The Roadstergal said:


> The Chrysler looked better in the publicity shots - it's more ungainly in the pics you posted.


It's the lens he used. :stickpoke


----------



## Pete Teoh (Jan 27, 2002)

The Roadstergal said:


> Great pics! Thanks! Got more of the sexy models?


You're welcome.  That's the only sexy model I saw. How about a sexy blonde Volvo chick instead?


----------



## Mathew (Feb 8, 2002)

rumratt said:


> BTW, is this a picture of Jetfire and Clyde?

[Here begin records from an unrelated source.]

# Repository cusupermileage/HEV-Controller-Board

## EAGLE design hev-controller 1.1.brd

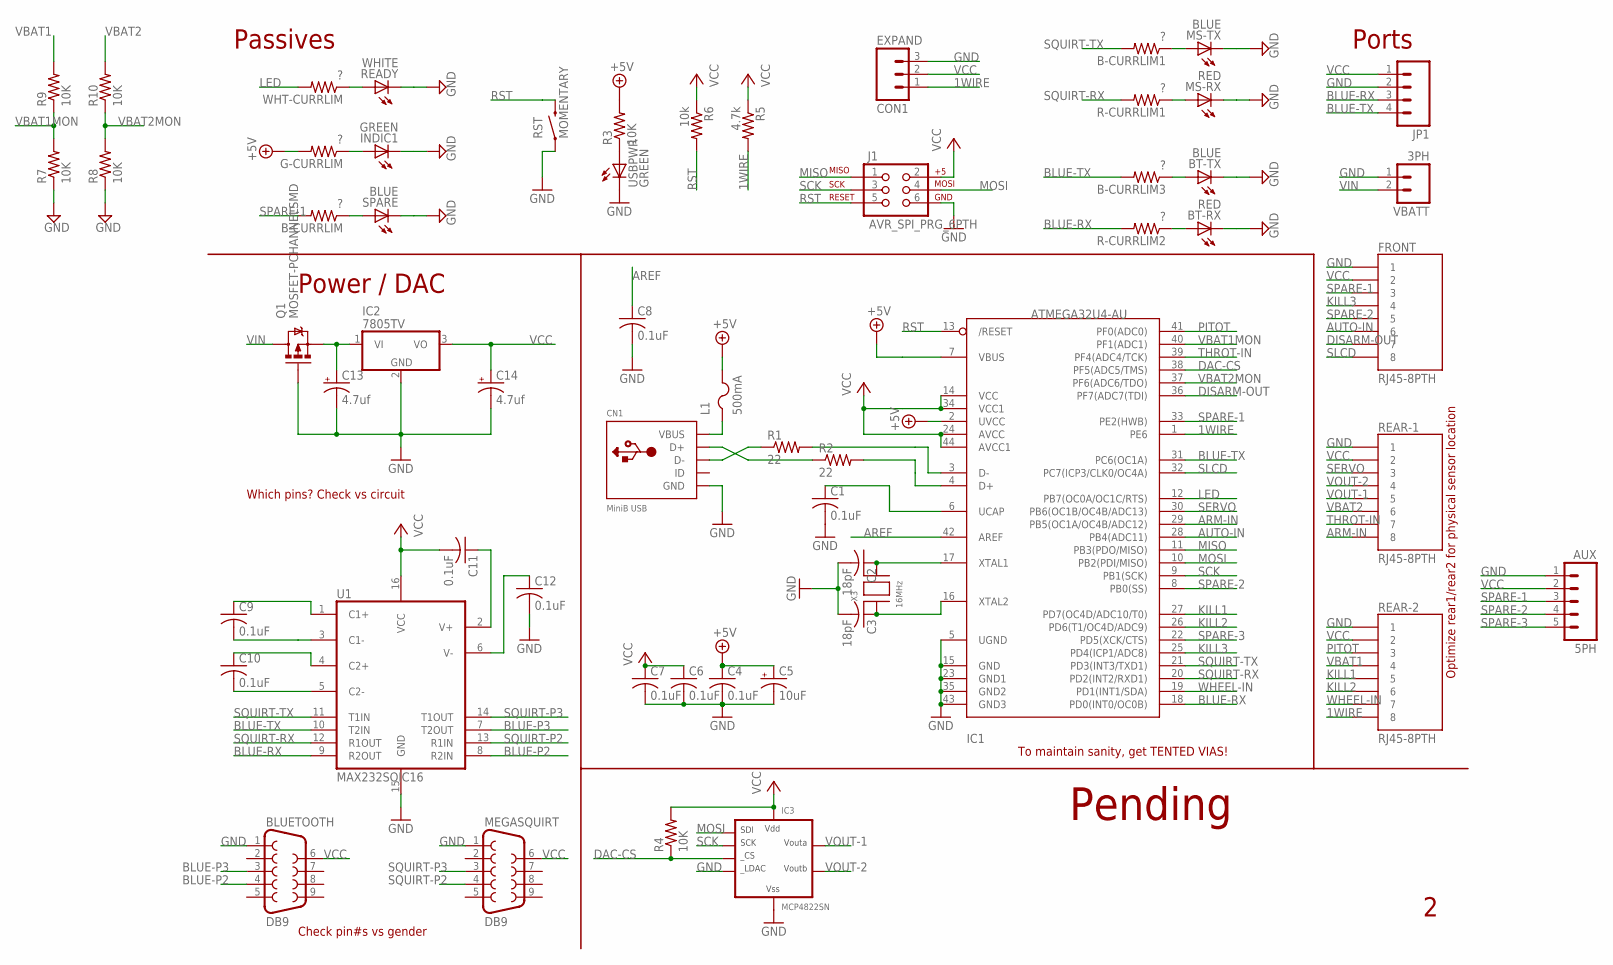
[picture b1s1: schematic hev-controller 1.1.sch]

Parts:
5PH: AUX; 1X05
B-CURRLIM, B-CURRLIM1, B-CURRLIM3: ?; R0805
BLUETOOTH: DB9
BT-RX: RED; CHIPLED_0805
BT-TX: BLUE; CHIPLED_0805
C1, C4, C6, C7, C8, C9, C10, C11, C12: 0.1uF; C0805K
C2, C3: 18pF; C0805K
C5: 10uF; A/3216-18R
C13, C14: 4.7uf; E2,5-6
CN1: MiniB USB; USB-MINIB
EXPAND: CON1; MOLEX-1X3
FRONT: RJ45-8PTH; RJ45-8
G-CURRLIM: ?; R0805
IC1: ATMEGA32U4-AU; TQFP44
IC2: 7805TV; TO220V
IC3: MCP4822SN; SO-08
INDIC1: GREEN; CHIPLED_0805
J1: AVR_SPI_PRG_6PTH; 2X3
JP1: M04PTH; 1X04
L1: 500mA; R1206
MEGASQUIRT: DB9
MS-RX: RED; CHIPLED_0805
MS-TX: BLUE; CHIPLED_0805
Q1: MOSFET-PCHANNELSMD; SOT23-3
R1, R2: 22; R0805
R3, R4, R7, R8, R9, R10: 10K; R0805
R5: 4.7k; R0805
R6: 10k; R0805
R-CURRLIM1, R-CURRLIM2: ?; R0805
READY: WHITE; LED-1206
REAR-1, REAR-2: RJ45-8PTH; RJ45-8
RST: MOMENTARY; TACTILE-SWITCH-1101NE
SPARE: BLUE; CHIPLED_0805
U1: MAX232SOIC16; SO016
USBPWR: GREEN; CHIPLED_0805
VBATT: 3PH; SCREWTERMINAL-3.5MM-2
WHT-CURRLIM: ?; R0805
X3: 16MHz; NX5032

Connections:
1WIRE: EXPAND.1, IC1.1 (PE6), R5.2, REAR-2.8
+5V: C4.1, C5.+, G-CURRLIM.2, IC1.2 (UVCC), IC1.7 (VBUS), L1.2, R3.2
AREF: C8.1, IC1.42 (AREF)
ARM-IN: IC1.29 (PB5(OC1A/OC4B/ADC12)), REAR-1.8
AUTO-IN: FRONT.6, IC1.28 (PB4(ADC11))
BLUE-P2: BLUETOOTH.4, U1.8 (R2IN)
BLUE-P3: BLUETOOTH.3, U1.7 (T2OUT)
BLUE-RX: IC1.18 (PD0(INT0/OC0B)), JP1.3, R-CURRLIM2.2, U1.9 (R2OUT)
BLUE-TX: B-CURRLIM3.2, IC1.31 (PC6(OC1A)), JP1.4, U1.10 (T2IN)
DAC-CS: IC1.38 (PF5(ADC5/TMS)), IC3.2 (CS), R4.1
DISARM-OUT: FRONT.7, IC1.36 (PF7(ADC7(TDI))
GND: 5PH.1, BLUETOOTH.1, BT-RX.C, BT-TX.C, C1.2, C2.2, C3.2, C4.2, C5.-, C6.2, C7.2, C8.2, C12.2, C13.-, C14.-, CN1.GND, EXPAND.3, FRONT.1, IC1.5 (UGND), IC1.15 (GND), IC1.23 (GND1), IC1.35 (GND2), IC1.43 (GND3), IC2.2 (GND), IC3.5 (LDAC), IC3.7 (VSS), INDIC1.C, J1.6, JP1.2, MEGASQUIRT.1, MS-RX.C, MS-TX.C, Q1.1 (G), R7.1, R8.1, READY.C, REAR-1.1, REAR-2.1, RST.P$1 (1), SPARE.C, U1.15 (GND), USBPWR.C, VBATT.1
KILL1: IC1.27 (PD7(OC4D/ADC10/T0)), REAR-2.5
KILL2: IC1.26 (PD6(T1/OC4D/ADC9)), REAR-2.6
KILL3: FRONT.4, IC1.25 (PD4(ICP1/ADC8))
LED: IC1.12 (PB7(OC0A/OC1C/RTS)), WHT-CURRLIM.2
MISO: IC1.11 (PB3(PDO/MISO)), J1.1
MOSI: IC1.10 (PB2(PDI/MISO)), IC3.4 (SDI), J1.4
unnamed: R3.1, USBPWR.A
unnamed: CN1.D+, R2.1
unnamed: IC1.3 (D-), R1.2
unnamed: IC1.4 (D+), R2.2
unnamed: CN1.D-, R1.1
unnamed: B-CURRLIM.1, SPARE.A
unnamed: G-CURRLIM.1, INDIC1.A
unnamed: C2.1, IC1.17 (XTAL1), X3.P$2
unnamed: C3.1, IC1.16 (XTAL2), X3.P$1
unnamed: B-CURRLIM1.1, MS-TX.A
unnamed: MS-RX.A, R-CURRLIM1.1
unnamed: B-CURRLIM3.1, BT-TX.A
unnamed: BT-RX.A, R-CURRLIM2.1
unnamed: C13.+, IC2.1 (VI), Q1.2 (S)
unnamed: READY.A, WHT-CURRLIM.1
unnamed: C9.1, U1.1 (C1+)
unnamed: C9.2, U1.3 (C1-)
unnamed: C10.1, U1.4 (C2+)
unnamed: C10.2, U1.5 (C2-)
unnamed: C11.1, U1.2 (V+)
unnamed: C12.1, U1.6 (V-)
PITOT: IC1.41 (PF0(ADC0)), REAR-2.3
RST: IC1.13 (/RESET), J1.5, R6.2, RST.P$2 (2)
SCK: IC1.9 (PB1(SCK)), IC3.3 (SCK), J1.3
SERVO: IC1.30 (PB6(OC1B/OC4B/ADC13)), REAR-1.3
SLCD: FRONT.8, IC1.32 (PC7(ICP3/CLK0/OC4A))
SPARE-1: 5PH.3, B-CURRLIM.2, FRONT.3, IC1.33 (PE2(HWB))
SPARE-2: 5PH.4, FRONT.5, IC1.8 (PB0(SS))
SPARE-3: 5PH.5, IC1.22 (PD5(XCK/CTS))
SQUIRT-P2: MEGASQUIRT.4, U1.13 (R1IN)
SQUIRT-P3: MEGASQUIRT.3, U1.14 (T1OUT)
SQUIRT-RX: IC1.20 (PD2(INT2/RXD1)), R-CURRLIM1.2, U1.12 (R1OUT)
SQUIRT-TX: B-CURRLIM1.2, IC1.21 (PD3(INT3/TXD1)), U1.11 (T1IN)
THROT-IN: IC1.39 (PF4(ADC4/TCK)), REAR-1.7
UCAP: C1.1, IC1.6 (UCAP)
VBAT1: R9.2, REAR-2.4
VBAT1MON: IC1.40 (PF1(ADC1)), R7.2, R9.1
VBAT2: R10.2, REAR-1.6
VBAT2MON: IC1.37 (PF6(ADC6/TDO)), R8.2, R10.1
VBUS: CN1.VBUS, L1.1
VCC: 5PH.2, BLUETOOTH.6, C6.1, C7.1, C11.2, C14.+, EXPAND.2, FRONT.2, IC1.14 (VCC), IC1.24 (AVCC), IC1.34 (VCC1), IC1.44 (AVCC1), IC2.3 (VO), IC3.1 (VDD), J1.2, JP1.1, MEGASQUIRT.6, R4.2, R5.1, R6.1, REAR-1.2, REAR-2.2, U1.16 (VCC)
VIN: Q1.3 (D), VBATT.2
VOUT-1: IC3.8 (VOUTA), REAR-1.5
VOUT-2: IC3.6 (VOUTB), REAR-1.4
WHEEL-IN: IC1.19 (PD1(INT1/SDA)), REAR-2.7

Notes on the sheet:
Ports
Passives
Power / DAC
Pending
Check pin#s vs gender
Which pins? Check vs circuit
Optimize rear1/rear2 for physical sensor location
To maintain sanity, get TENTED VIAS!

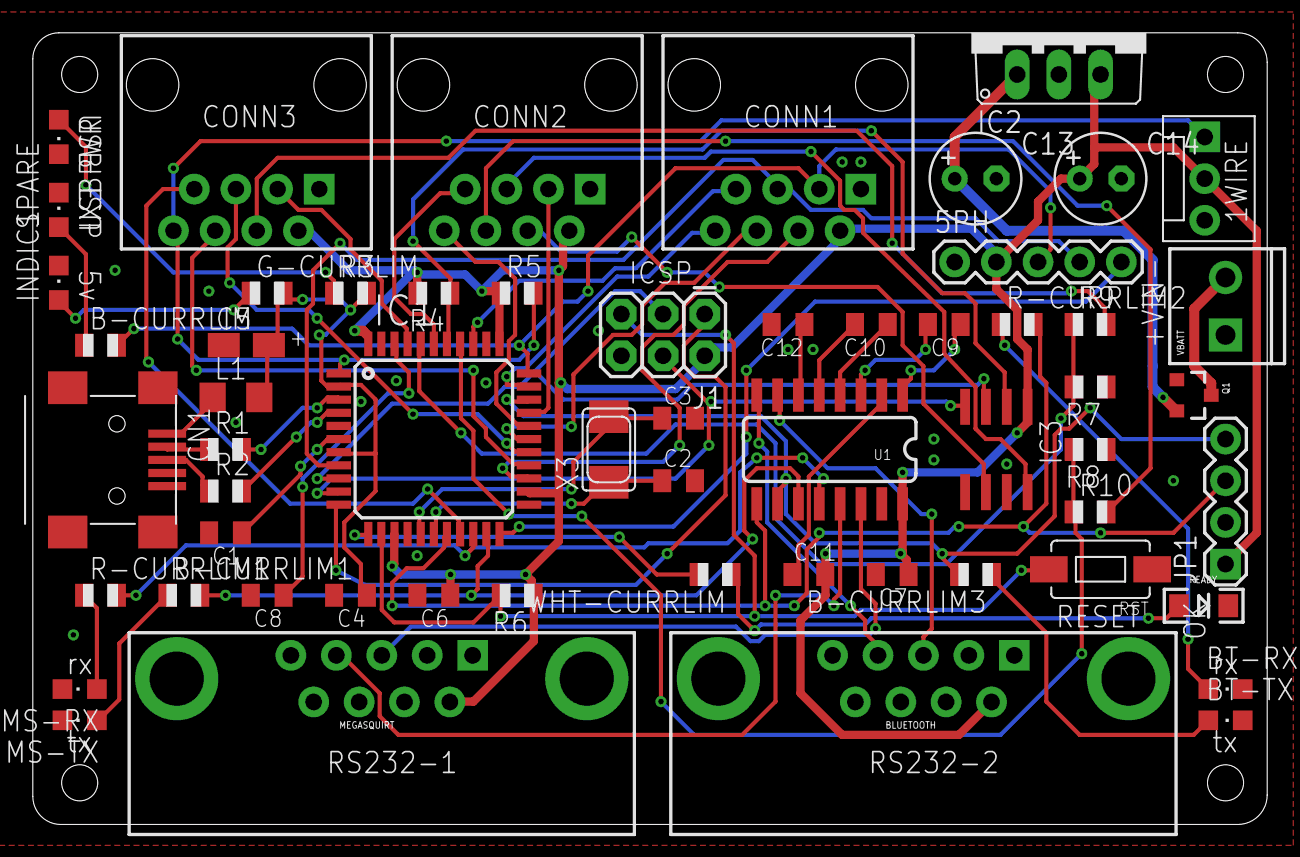
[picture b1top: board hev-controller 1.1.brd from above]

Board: 2 copper layers, 75.2 x 48.3 mm, 59 parts (1 on the bottom side), 63 nets.

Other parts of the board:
U$2: SUPERMILEAGE-SILK-V1.1

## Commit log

2014-03-20 Inital Check-In
2014-03-20 Upgrade to 1.1

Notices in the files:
parts and their libraries:
SparkFun-DiscreteSemi: Licensing: CC v3.0 Share-Alike You are welcome to use this library for commercial purposes.

Clyde is wearing the yellow jacket. :eeps:


----------



## Pete Teoh (Jan 27, 2002)

rumratt said:


> Let's get things back on topic. this thread is about zoom lenses.


:spank:


rumratt said:


> BTW, is this a picture of Jetfire and Clyde?


Neither. 



JetBlack330i said:


> It's the lens he used. :stickpoke


:spank:


----------



## Mike 325xi (Dec 19, 2001)

rumratt said:


> Let's get things back on topic. this thread is about zoom lenses.
> 
> BTW, is this a picture of Jetfire and Clyde?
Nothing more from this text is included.